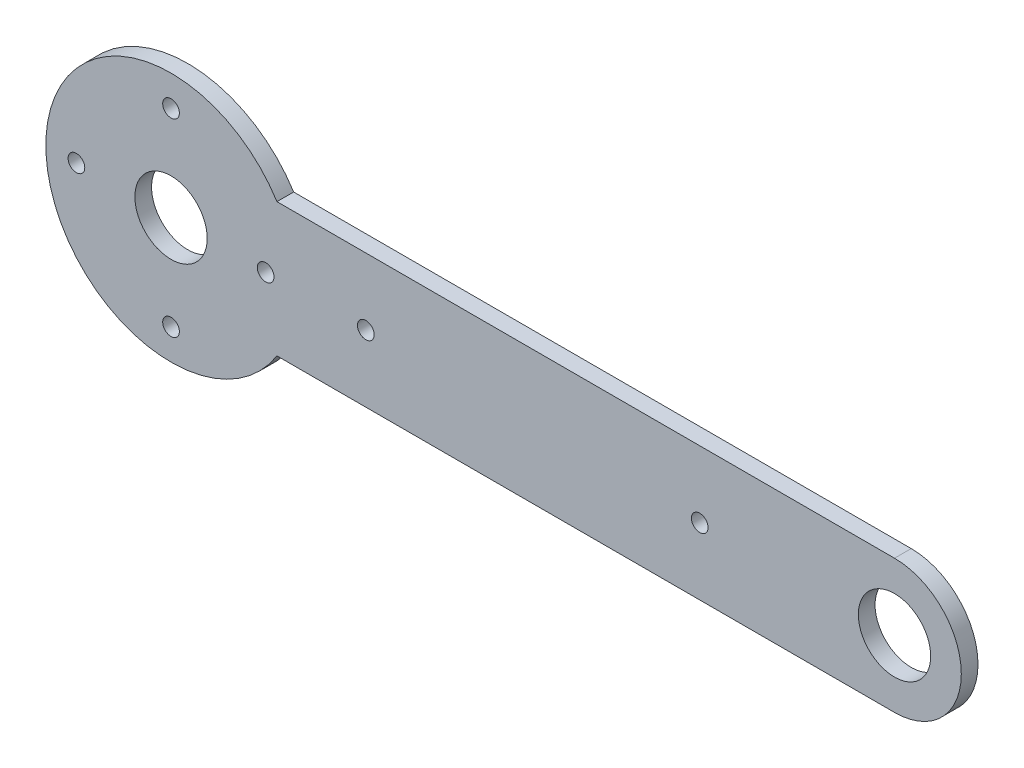
ISO-10303-21;
HEADER;
FILE_DESCRIPTION(('STEP AP214'),'2;1');
FILE_NAME('part.step','',(''),(''),'','','');
FILE_SCHEMA(('AUTOMOTIVE_DESIGN { 1 0 10303 214 1 1 1 1 }'));
ENDSEC;
DATA;
#1=APPLICATION_CONTEXT('core data for automotive mechanical design processes');
#2=APPLICATION_PROTOCOL_DEFINITION('international standard','automotive_design',2000,#1);
#3=PRODUCT_CONTEXT('',#1,'mechanical');
#4=PRODUCT('Part','Part','',(#3));
#5=PRODUCT_RELATED_PRODUCT_CATEGORY('part','',(#4));
#6=PRODUCT_DEFINITION_FORMATION('','',#4);
#7=PRODUCT_DEFINITION_CONTEXT('part definition',#1,'design');
#8=PRODUCT_DEFINITION('design','',#6,#7);
#9=PRODUCT_DEFINITION_SHAPE('','',#8);
#10=(LENGTH_UNIT() NAMED_UNIT(*) SI_UNIT(.MILLI.,.METRE.));
#11=(NAMED_UNIT(*) PLANE_ANGLE_UNIT() SI_UNIT($,.RADIAN.));
#12=(NAMED_UNIT(*) SI_UNIT($,.STERADIAN.) SOLID_ANGLE_UNIT());
#13=UNCERTAINTY_MEASURE_WITH_UNIT(LENGTH_MEASURE(1.E-05),#10,'distance_accuracy_value','');
#14=(GEOMETRIC_REPRESENTATION_CONTEXT(3) GLOBAL_UNCERTAINTY_ASSIGNED_CONTEXT((#13)) GLOBAL_UNIT_ASSIGNED_CONTEXT((#10,
#11,#12)) REPRESENTATION_CONTEXT('',''));
#15=CARTESIAN_POINT('',(0.,0.,0.));
#16=DIRECTION('',(0.,0.,1.));
#17=DIRECTION('',(1.,0.,0.));
#18=AXIS2_PLACEMENT_3D('',#15,#16,#17);
#19=CARTESIAN_POINT('',(-65.,0.,3.));
#20=DIRECTION('',(0.,0.,1.));
#21=DIRECTION('',(1.,0.,0.));
#22=AXIS2_PLACEMENT_3D('',#19,#20,#21);
#23=PLANE('',#22);
#24=CARTESIAN_POINT('',(-65.,17.,3.));
#25=DIRECTION('',(0.,0.,1.));
#26=DIRECTION('',(1.,0.,0.));
#27=AXIS2_PLACEMENT_3D('',#24,#25,#26);
#28=CIRCLE('',#27,1.5);
#29=CARTESIAN_POINT('',(-63.5,17.,3.));
#30=VERTEX_POINT('',#29);
#31=EDGE_CURVE('E240',#30,#30,#28,.T.);
#32=ORIENTED_EDGE('',*,*,#31,.F.);
#33=EDGE_LOOP('',(#32));
#34=FACE_BOUND('',#33,.T.);
#35=CARTESIAN_POINT('',(-47.9999999999998,1.80411241501588E-13,3.));
#36=DIRECTION('',(0.,0.,1.));
#37=DIRECTION('',(1.,0.,0.));
#38=AXIS2_PLACEMENT_3D('',#35,#36,#37);
#39=CIRCLE('',#38,1.5);
#40=CARTESIAN_POINT('',(-46.4999999999998,1.80411241501588E-13,3.));
#41=VERTEX_POINT('',#40);
#42=EDGE_CURVE('E248',#41,#41,#39,.T.);
#43=ORIENTED_EDGE('',*,*,#42,.F.);
#44=EDGE_LOOP('',(#43));
#45=FACE_BOUND('',#44,.T.);
#46=CARTESIAN_POINT('',(-64.9999999999996,-17.,3.));
#47=DIRECTION('',(0.,0.,1.));
#48=DIRECTION('',(1.,0.,0.));
#49=AXIS2_PLACEMENT_3D('',#46,#47,#48);
#50=CIRCLE('',#49,1.49999999999999);
#51=CARTESIAN_POINT('',(-63.4999999999996,-17.,3.));
#52=VERTEX_POINT('',#51);
#53=EDGE_CURVE('E258',#52,#52,#50,.T.);
#54=ORIENTED_EDGE('',*,*,#53,.F.);
#55=EDGE_LOOP('',(#54));
#56=FACE_BOUND('',#55,.T.);
#57=CARTESIAN_POINT('',(-81.9999999999997,0.,3.));
#58=DIRECTION('',(0.,0.,1.));
#59=DIRECTION('',(1.,0.,0.));
#60=AXIS2_PLACEMENT_3D('',#57,#58,#59);
#61=CIRCLE('',#60,1.49999999999999);
#62=CARTESIAN_POINT('',(-80.4999999999998,0.,3.));
#63=VERTEX_POINT('',#62);
#64=EDGE_CURVE('E132',#63,#63,#61,.T.);
#65=ORIENTED_EDGE('',*,*,#64,.F.);
#66=EDGE_LOOP('',(#65));
#67=FACE_BOUND('',#66,.T.);
#68=DIRECTION('',(-1.,0.,0.));
#69=VECTOR('',#68,1.);
#70=CARTESIAN_POINT('',(-65.,12.,3.));
#71=LINE('',#70,#69);
#72=CARTESIAN_POINT('',(65.,12.,3.));
#73=VERTEX_POINT('',#72);
#74=CARTESIAN_POINT('',(-45.9671336893257,12.,3.));
#75=VERTEX_POINT('',#74);
#76=EDGE_CURVE('E98',#73,#75,#71,.T.);
#77=ORIENTED_EDGE('',*,*,#76,.T.);
#78=CARTESIAN_POINT('',(-65.,0.,3.));
#79=DIRECTION('',(0.,0.,1.));
#80=DIRECTION('',(1.,0.,0.));
#81=AXIS2_PLACEMENT_3D('',#78,#79,#80);
#82=CIRCLE('',#81,22.5);
#83=CARTESIAN_POINT('',(-45.9671336893257,-12.,3.));
#84=VERTEX_POINT('',#83);
#85=EDGE_CURVE('E86',#75,#84,#82,.T.);
#86=ORIENTED_EDGE('',*,*,#85,.T.);
#87=DIRECTION('',(1.,0.,0.));
#88=VECTOR('',#87,1.);
#89=CARTESIAN_POINT('',(-65.,-12.,3.));
#90=LINE('',#89,#88);
#91=CARTESIAN_POINT('',(65.,-12.,3.));
#92=VERTEX_POINT('',#91);
#93=EDGE_CURVE('E108',#84,#92,#90,.T.);
#94=ORIENTED_EDGE('',*,*,#93,.T.);
#95=CARTESIAN_POINT('',(65.,0.,3.));
#96=DIRECTION('',(0.,0.,1.));
#97=DIRECTION('',(-1.,0.,0.));
#98=AXIS2_PLACEMENT_3D('',#95,#96,#97);
#99=CIRCLE('',#98,12.);
#100=EDGE_CURVE('E58',#92,#73,#99,.T.);
#101=ORIENTED_EDGE('',*,*,#100,.T.);
#102=EDGE_LOOP('',(#77,#86,#94,#101));
#103=FACE_BOUND('',#102,.T.);
#104=CARTESIAN_POINT('',(30.,0.,3.));
#105=DIRECTION('',(0.,0.,-1.));
#106=DIRECTION('',(-1.,0.,0.));
#107=AXIS2_PLACEMENT_3D('',#104,#105,#106);
#108=CIRCLE('',#107,1.5);
#109=CARTESIAN_POINT('',(28.5,0.,3.));
#110=VERTEX_POINT('',#109);
#111=EDGE_CURVE('E144',#110,#110,#108,.T.);
#112=ORIENTED_EDGE('',*,*,#111,.T.);
#113=EDGE_LOOP('',(#112));
#114=FACE_BOUND('',#113,.T.);
#115=CARTESIAN_POINT('',(65.,0.,3.));
#116=DIRECTION('',(0.,0.,1.));
#117=DIRECTION('',(-1.,0.,0.));
#118=AXIS2_PLACEMENT_3D('',#115,#116,#117);
#119=CIRCLE('',#118,6.49999999999999);
#120=CARTESIAN_POINT('',(58.5,0.,3.));
#121=VERTEX_POINT('',#120);
#122=EDGE_CURVE('E139',#121,#121,#119,.T.);
#123=ORIENTED_EDGE('',*,*,#122,.F.);
#124=EDGE_LOOP('',(#123));
#125=FACE_BOUND('',#124,.T.);
#126=CARTESIAN_POINT('',(-30.,0.,3.));
#127=DIRECTION('',(0.,0.,1.));
#128=DIRECTION('',(1.,0.,0.));
#129=AXIS2_PLACEMENT_3D('',#126,#127,#128);
#130=CIRCLE('',#129,1.5);
#131=CARTESIAN_POINT('',(-28.5,0.,3.));
#132=VERTEX_POINT('',#131);
#133=EDGE_CURVE('E140',#132,#132,#130,.T.);
#134=ORIENTED_EDGE('',*,*,#133,.F.);
#135=EDGE_LOOP('',(#134));
#136=FACE_BOUND('',#135,.T.);
#137=CARTESIAN_POINT('',(-65.,0.,3.));
#138=DIRECTION('',(0.,0.,1.));
#139=DIRECTION('',(1.,0.,0.));
#140=AXIS2_PLACEMENT_3D('',#137,#138,#139);
#141=CIRCLE('',#140,6.5);
#142=CARTESIAN_POINT('',(-58.5,0.,3.));
#143=VERTEX_POINT('',#142);
#144=EDGE_CURVE('E154',#143,#143,#141,.T.);
#145=ORIENTED_EDGE('',*,*,#144,.F.);
#146=EDGE_LOOP('',(#145));
#147=FACE_BOUND('',#146,.T.);
#148=ADVANCED_FACE('F40',(#34,#45,#56,#67,#103,#114,#125,#136,#147),#23,.T.);
#149=CARTESIAN_POINT('',(-65.,0.,0.));
#150=DIRECTION('',(0.,0.,1.));
#151=DIRECTION('',(1.,0.,0.));
#152=AXIS2_PLACEMENT_3D('',#149,#150,#151);
#153=PLANE('',#152);
#154=CARTESIAN_POINT('',(-65.,17.,0.));
#155=DIRECTION('',(0.,0.,1.));
#156=DIRECTION('',(1.,0.,0.));
#157=AXIS2_PLACEMENT_3D('',#154,#155,#156);
#158=CIRCLE('',#157,1.5);
#159=CARTESIAN_POINT('',(-63.5,17.,0.));
#160=VERTEX_POINT('',#159);
#161=EDGE_CURVE('E91',#160,#160,#158,.T.);
#162=ORIENTED_EDGE('',*,*,#161,.T.);
#163=EDGE_LOOP('',(#162));
#164=FACE_BOUND('',#163,.T.);
#165=CARTESIAN_POINT('',(-47.9999999999998,1.80411241501588E-13,0.));
#166=DIRECTION('',(0.,0.,1.));
#167=DIRECTION('',(1.,0.,0.));
#168=AXIS2_PLACEMENT_3D('',#165,#166,#167);
#169=CIRCLE('',#168,1.5);
#170=CARTESIAN_POINT('',(-46.4999999999998,1.80411241501588E-13,0.));
#171=VERTEX_POINT('',#170);
#172=EDGE_CURVE('E242',#171,#171,#169,.T.);
#173=ORIENTED_EDGE('',*,*,#172,.T.);
#174=EDGE_LOOP('',(#173));
#175=FACE_BOUND('',#174,.T.);
#176=CARTESIAN_POINT('',(-64.9999999999996,-17.,0.));
#177=DIRECTION('',(0.,0.,1.));
#178=DIRECTION('',(1.,0.,0.));
#179=AXIS2_PLACEMENT_3D('',#176,#177,#178);
#180=CIRCLE('',#179,1.49999999999999);
#181=CARTESIAN_POINT('',(-63.4999999999996,-17.,0.));
#182=VERTEX_POINT('',#181);
#183=EDGE_CURVE('E254',#182,#182,#180,.T.);
#184=ORIENTED_EDGE('',*,*,#183,.T.);
#185=EDGE_LOOP('',(#184));
#186=FACE_BOUND('',#185,.T.);
#187=CARTESIAN_POINT('',(-81.9999999999997,0.,0.));
#188=DIRECTION('',(0.,0.,1.));
#189=DIRECTION('',(1.,0.,0.));
#190=AXIS2_PLACEMENT_3D('',#187,#188,#189);
#191=CIRCLE('',#190,1.49999999999999);
#192=CARTESIAN_POINT('',(-80.4999999999998,0.,0.));
#193=VERTEX_POINT('',#192);
#194=EDGE_CURVE('E261',#193,#193,#191,.T.);
#195=ORIENTED_EDGE('',*,*,#194,.T.);
#196=EDGE_LOOP('',(#195));
#197=FACE_BOUND('',#196,.T.);
#198=DIRECTION('',(1.,0.,0.));
#199=VECTOR('',#198,1.);
#200=CARTESIAN_POINT('',(-65.,-12.,0.));
#201=LINE('',#200,#199);
#202=CARTESIAN_POINT('',(-45.9671336893257,-12.,0.));
#203=VERTEX_POINT('',#202);
#204=CARTESIAN_POINT('',(65.,-12.,0.));
#205=VERTEX_POINT('',#204);
#206=EDGE_CURVE('E69',#203,#205,#201,.T.);
#207=ORIENTED_EDGE('',*,*,#206,.F.);
#208=CARTESIAN_POINT('',(-65.,0.,0.));
#209=DIRECTION('',(0.,0.,1.));
#210=DIRECTION('',(1.,0.,0.));
#211=AXIS2_PLACEMENT_3D('',#208,#209,#210);
#212=CIRCLE('',#211,22.5);
#213=CARTESIAN_POINT('',(-45.9671336893257,12.,0.));
#214=VERTEX_POINT('',#213);
#215=EDGE_CURVE('E78',#214,#203,#212,.T.);
#216=ORIENTED_EDGE('',*,*,#215,.F.);
#217=DIRECTION('',(-1.,0.,0.));
#218=VECTOR('',#217,1.);
#219=CARTESIAN_POINT('',(-65.,12.,0.));
#220=LINE('',#219,#218);
#221=CARTESIAN_POINT('',(65.,12.,0.));
#222=VERTEX_POINT('',#221);
#223=EDGE_CURVE('E100',#222,#214,#220,.T.);
#224=ORIENTED_EDGE('',*,*,#223,.F.);
#225=CARTESIAN_POINT('',(65.,0.,0.));
#226=DIRECTION('',(0.,0.,1.));
#227=DIRECTION('',(-1.,0.,0.));
#228=AXIS2_PLACEMENT_3D('',#225,#226,#227);
#229=CIRCLE('',#228,12.);
#230=EDGE_CURVE('E114',#205,#222,#229,.T.);
#231=ORIENTED_EDGE('',*,*,#230,.F.);
#232=EDGE_LOOP('',(#207,#216,#224,#231));
#233=FACE_BOUND('',#232,.T.);
#234=CARTESIAN_POINT('',(65.,0.,0.));
#235=DIRECTION('',(0.,0.,1.));
#236=DIRECTION('',(-1.,0.,0.));
#237=AXIS2_PLACEMENT_3D('',#234,#235,#236);
#238=CIRCLE('',#237,6.49999999999999);
#239=CARTESIAN_POINT('',(58.5,0.,0.));
#240=VERTEX_POINT('',#239);
#241=EDGE_CURVE('E158',#240,#240,#238,.T.);
#242=ORIENTED_EDGE('',*,*,#241,.T.);
#243=EDGE_LOOP('',(#242));
#244=FACE_BOUND('',#243,.T.);
#245=CARTESIAN_POINT('',(30.,0.,0.));
#246=DIRECTION('',(0.,0.,-1.));
#247=DIRECTION('',(-1.,0.,0.));
#248=AXIS2_PLACEMENT_3D('',#245,#246,#247);
#249=CIRCLE('',#248,1.5);
#250=CARTESIAN_POINT('',(28.5,0.,0.));
#251=VERTEX_POINT('',#250);
#252=EDGE_CURVE('E129',#251,#251,#249,.T.);
#253=ORIENTED_EDGE('',*,*,#252,.F.);
#254=EDGE_LOOP('',(#253));
#255=FACE_BOUND('',#254,.T.);
#256=CARTESIAN_POINT('',(-30.,0.,0.));
#257=DIRECTION('',(0.,0.,1.));
#258=DIRECTION('',(1.,0.,0.));
#259=AXIS2_PLACEMENT_3D('',#256,#257,#258);
#260=CIRCLE('',#259,1.5);
#261=CARTESIAN_POINT('',(-28.5,0.,0.));
#262=VERTEX_POINT('',#261);
#263=EDGE_CURVE('E135',#262,#262,#260,.T.);
#264=ORIENTED_EDGE('',*,*,#263,.T.);
#265=EDGE_LOOP('',(#264));
#266=FACE_BOUND('',#265,.T.);
#267=CARTESIAN_POINT('',(-65.,0.,0.));
#268=DIRECTION('',(0.,0.,1.));
#269=DIRECTION('',(1.,0.,0.));
#270=AXIS2_PLACEMENT_3D('',#267,#268,#269);
#271=CIRCLE('',#270,6.5);
#272=CARTESIAN_POINT('',(-58.5,0.,0.));
#273=VERTEX_POINT('',#272);
#274=EDGE_CURVE('E115',#273,#273,#271,.T.);
#275=ORIENTED_EDGE('',*,*,#274,.T.);
#276=EDGE_LOOP('',(#275));
#277=FACE_BOUND('',#276,.T.);
#278=ADVANCED_FACE('F124',(#164,#175,#186,#197,#233,#244,#255,#266,#277),#153,.F.);
#279=CARTESIAN_POINT('',(-65.,-12.,3.));
#280=DIRECTION('',(0.,1.,0.));
#281=DIRECTION('',(-1.,0.,0.));
#282=AXIS2_PLACEMENT_3D('',#279,#280,#281);
#283=PLANE('',#282);
#284=ORIENTED_EDGE('',*,*,#93,.F.);
#285=DIRECTION('',(0.,0.,1.));
#286=VECTOR('',#285,1.);
#287=CARTESIAN_POINT('',(-45.9671336893257,-12.,0.));
#288=LINE('',#287,#286);
#289=EDGE_CURVE('E88',#84,#203,#288,.F.);
#290=ORIENTED_EDGE('',*,*,#289,.T.);
#291=ORIENTED_EDGE('',*,*,#206,.T.);
#292=DIRECTION('',(0.,0.,-1.));
#293=VECTOR('',#292,1.);
#294=CARTESIAN_POINT('',(65.,-12.,3.));
#295=LINE('',#294,#293);
#296=EDGE_CURVE('E50',#92,#205,#295,.T.);
#297=ORIENTED_EDGE('',*,*,#296,.F.);
#298=EDGE_LOOP('',(#284,#290,#291,#297));
#299=FACE_BOUND('',#298,.T.);
#300=ADVANCED_FACE('F42',(#299),#283,.F.);
#301=CARTESIAN_POINT('',(65.,0.,3.));
#302=DIRECTION('',(0.,0.,-1.));
#303=DIRECTION('',(-1.,0.,0.));
#304=AXIS2_PLACEMENT_3D('',#301,#302,#303);
#305=CYLINDRICAL_SURFACE('',#304,12.);
#306=ORIENTED_EDGE('',*,*,#230,.T.);
#307=DIRECTION('',(0.,0.,-1.));
#308=VECTOR('',#307,1.);
#309=CARTESIAN_POINT('',(65.,12.,3.));
#310=LINE('',#309,#308);
#311=EDGE_CURVE('E103',#73,#222,#310,.T.);
#312=ORIENTED_EDGE('',*,*,#311,.F.);
#313=ORIENTED_EDGE('',*,*,#100,.F.);
#314=ORIENTED_EDGE('',*,*,#296,.T.);
#315=EDGE_LOOP('',(#306,#312,#313,#314));
#316=FACE_BOUND('',#315,.T.);
#317=ADVANCED_FACE('F122',(#316),#305,.T.);
#318=CARTESIAN_POINT('',(-65.,12.,3.));
#319=DIRECTION('',(0.,-1.,0.));
#320=DIRECTION('',(1.,0.,0.));
#321=AXIS2_PLACEMENT_3D('',#318,#319,#320);
#322=PLANE('',#321);
#323=ORIENTED_EDGE('',*,*,#223,.T.);
#324=DIRECTION('',(0.,0.,1.));
#325=VECTOR('',#324,1.);
#326=CARTESIAN_POINT('',(-45.9671336893257,12.,0.));
#327=LINE('',#326,#325);
#328=EDGE_CURVE('E11',#214,#75,#327,.T.);
#329=ORIENTED_EDGE('',*,*,#328,.T.);
#330=ORIENTED_EDGE('',*,*,#76,.F.);
#331=ORIENTED_EDGE('',*,*,#311,.T.);
#332=EDGE_LOOP('',(#323,#329,#330,#331));
#333=FACE_BOUND('',#332,.T.);
#334=ADVANCED_FACE('F96',(#333),#322,.F.);
#335=CARTESIAN_POINT('',(65.,0.,0.));
#336=DIRECTION('',(0.,0.,1.));
#337=DIRECTION('',(1.,0.,0.));
#338=AXIS2_PLACEMENT_3D('',#335,#336,#337);
#339=CYLINDRICAL_SURFACE('',#338,6.49999999999999);
#340=ORIENTED_EDGE('',*,*,#241,.F.);
#341=EDGE_LOOP('',(#340));
#342=FACE_BOUND('',#341,.T.);
#343=ORIENTED_EDGE('',*,*,#122,.T.);
#344=EDGE_LOOP('',(#343));
#345=FACE_BOUND('',#344,.T.);
#346=ADVANCED_FACE('F182',(#342,#345),#339,.F.);
#347=CARTESIAN_POINT('',(-65.,0.,0.));
#348=DIRECTION('',(0.,0.,1.));
#349=DIRECTION('',(1.,0.,0.));
#350=AXIS2_PLACEMENT_3D('',#347,#348,#349);
#351=CYLINDRICAL_SURFACE('',#350,6.5);
#352=ORIENTED_EDGE('',*,*,#274,.F.);
#353=EDGE_LOOP('',(#352));
#354=FACE_BOUND('',#353,.T.);
#355=ORIENTED_EDGE('',*,*,#144,.T.);
#356=EDGE_LOOP('',(#355));
#357=FACE_BOUND('',#356,.T.);
#358=ADVANCED_FACE('F189',(#354,#357),#351,.F.);
#359=CARTESIAN_POINT('',(30.,0.,0.));
#360=DIRECTION('',(0.,0.,1.));
#361=DIRECTION('',(1.,0.,0.));
#362=AXIS2_PLACEMENT_3D('',#359,#360,#361);
#363=CYLINDRICAL_SURFACE('',#362,1.5);
#364=ORIENTED_EDGE('',*,*,#252,.T.);
#365=EDGE_LOOP('',(#364));
#366=FACE_BOUND('',#365,.T.);
#367=ORIENTED_EDGE('',*,*,#111,.F.);
#368=EDGE_LOOP('',(#367));
#369=FACE_BOUND('',#368,.T.);
#370=ADVANCED_FACE('F194',(#366,#369),#363,.F.);
#371=CARTESIAN_POINT('',(-30.,0.,0.));
#372=DIRECTION('',(0.,0.,1.));
#373=DIRECTION('',(1.,0.,0.));
#374=AXIS2_PLACEMENT_3D('',#371,#372,#373);
#375=CYLINDRICAL_SURFACE('',#374,1.5);
#376=ORIENTED_EDGE('',*,*,#263,.F.);
#377=EDGE_LOOP('',(#376));
#378=FACE_BOUND('',#377,.T.);
#379=ORIENTED_EDGE('',*,*,#133,.T.);
#380=EDGE_LOOP('',(#379));
#381=FACE_BOUND('',#380,.T.);
#382=ADVANCED_FACE('F206',(#378,#381),#375,.F.);
#383=CARTESIAN_POINT('',(-65.,0.,0.));
#384=DIRECTION('',(0.,0.,1.));
#385=DIRECTION('',(1.,0.,0.));
#386=AXIS2_PLACEMENT_3D('',#383,#384,#385);
#387=CYLINDRICAL_SURFACE('',#386,22.5);
#388=ORIENTED_EDGE('',*,*,#289,.F.);
#389=ORIENTED_EDGE('',*,*,#85,.F.);
#390=ORIENTED_EDGE('',*,*,#328,.F.);
#391=ORIENTED_EDGE('',*,*,#215,.T.);
#392=EDGE_LOOP('',(#388,#389,#390,#391));
#393=FACE_BOUND('',#392,.T.);
#394=ADVANCED_FACE('F87',(#393),#387,.T.);
#395=CARTESIAN_POINT('',(-81.9999999999997,0.,0.));
#396=DIRECTION('',(0.,0.,1.));
#397=DIRECTION('',(1.,0.,0.));
#398=AXIS2_PLACEMENT_3D('',#395,#396,#397);
#399=CYLINDRICAL_SURFACE('',#398,1.49999999999999);
#400=ORIENTED_EDGE('',*,*,#194,.F.);
#401=EDGE_LOOP('',(#400));
#402=FACE_BOUND('',#401,.T.);
#403=ORIENTED_EDGE('',*,*,#64,.T.);
#404=EDGE_LOOP('',(#403));
#405=FACE_BOUND('',#404,.T.);
#406=ADVANCED_FACE('F214',(#402,#405),#399,.F.);
#407=CARTESIAN_POINT('',(-64.9999999999996,-17.,0.));
#408=DIRECTION('',(0.,0.,1.));
#409=DIRECTION('',(1.,0.,0.));
#410=AXIS2_PLACEMENT_3D('',#407,#408,#409);
#411=CYLINDRICAL_SURFACE('',#410,1.49999999999999);
#412=ORIENTED_EDGE('',*,*,#183,.F.);
#413=EDGE_LOOP('',(#412));
#414=FACE_BOUND('',#413,.T.);
#415=ORIENTED_EDGE('',*,*,#53,.T.);
#416=EDGE_LOOP('',(#415));
#417=FACE_BOUND('',#416,.T.);
#418=ADVANCED_FACE('F222',(#414,#417),#411,.F.);
#419=CARTESIAN_POINT('',(-47.9999999999998,1.80411241501588E-13,0.));
#420=DIRECTION('',(0.,0.,1.));
#421=DIRECTION('',(1.,0.,0.));
#422=AXIS2_PLACEMENT_3D('',#419,#420,#421);
#423=CYLINDRICAL_SURFACE('',#422,1.5);
#424=ORIENTED_EDGE('',*,*,#172,.F.);
#425=EDGE_LOOP('',(#424));
#426=FACE_BOUND('',#425,.T.);
#427=ORIENTED_EDGE('',*,*,#42,.T.);
#428=EDGE_LOOP('',(#427));
#429=FACE_BOUND('',#428,.T.);
#430=ADVANCED_FACE('F226',(#426,#429),#423,.F.);
#431=CARTESIAN_POINT('',(-65.,17.,0.));
#432=DIRECTION('',(0.,0.,1.));
#433=DIRECTION('',(1.,0.,0.));
#434=AXIS2_PLACEMENT_3D('',#431,#432,#433);
#435=CYLINDRICAL_SURFACE('',#434,1.5);
#436=ORIENTED_EDGE('',*,*,#161,.F.);
#437=EDGE_LOOP('',(#436));
#438=FACE_BOUND('',#437,.T.);
#439=ORIENTED_EDGE('',*,*,#31,.T.);
#440=EDGE_LOOP('',(#439));
#441=FACE_BOUND('',#440,.T.);
#442=ADVANCED_FACE('F230',(#438,#441),#435,.F.);
#443=CLOSED_SHELL('',(#148,#278,#300,#317,#334,#346,#358,#370,#382,#394,#406,#418,#430,#442));
#444=MANIFOLD_SOLID_BREP('B2',#443);
#445=ADVANCED_BREP_SHAPE_REPRESENTATION('',(#18,#444),#14);
#446=SHAPE_DEFINITION_REPRESENTATION(#9,#445);
ENDSEC;
END-ISO-10303-21;

• **WHAT THIS TASK INVOLVES**
Above are the records; from them, give again exactly the lines from the one containing "#325=VECTOR('',#324,1.);" through the one containing "#337=DIRECTION('',(1.,0.,0.));", both included.

• **EXERCISE RESULT**
#325=VECTOR('',#324,1.);
#326=CARTESIAN_POINT('',(-45.9671336893257,12.,0.));
#327=LINE('',#326,#325);
#328=EDGE_CURVE('E11',#214,#75,#327,.T.);
#329=ORIENTED_EDGE('',*,*,#328,.T.);
#330=ORIENTED_EDGE('',*,*,#76,.F.);
#331=ORIENTED_EDGE('',*,*,#311,.T.);
#332=EDGE_LOOP('',(#323,#329,#330,#331));
#333=FACE_BOUND('',#332,.T.);
#334=ADVANCED_FACE('F96',(#333),#322,.F.);
#335=CARTESIAN_POINT('',(65.,0.,0.));
#336=DIRECTION('',(0.,0.,1.));
#337=DIRECTION('',(1.,0.,0.));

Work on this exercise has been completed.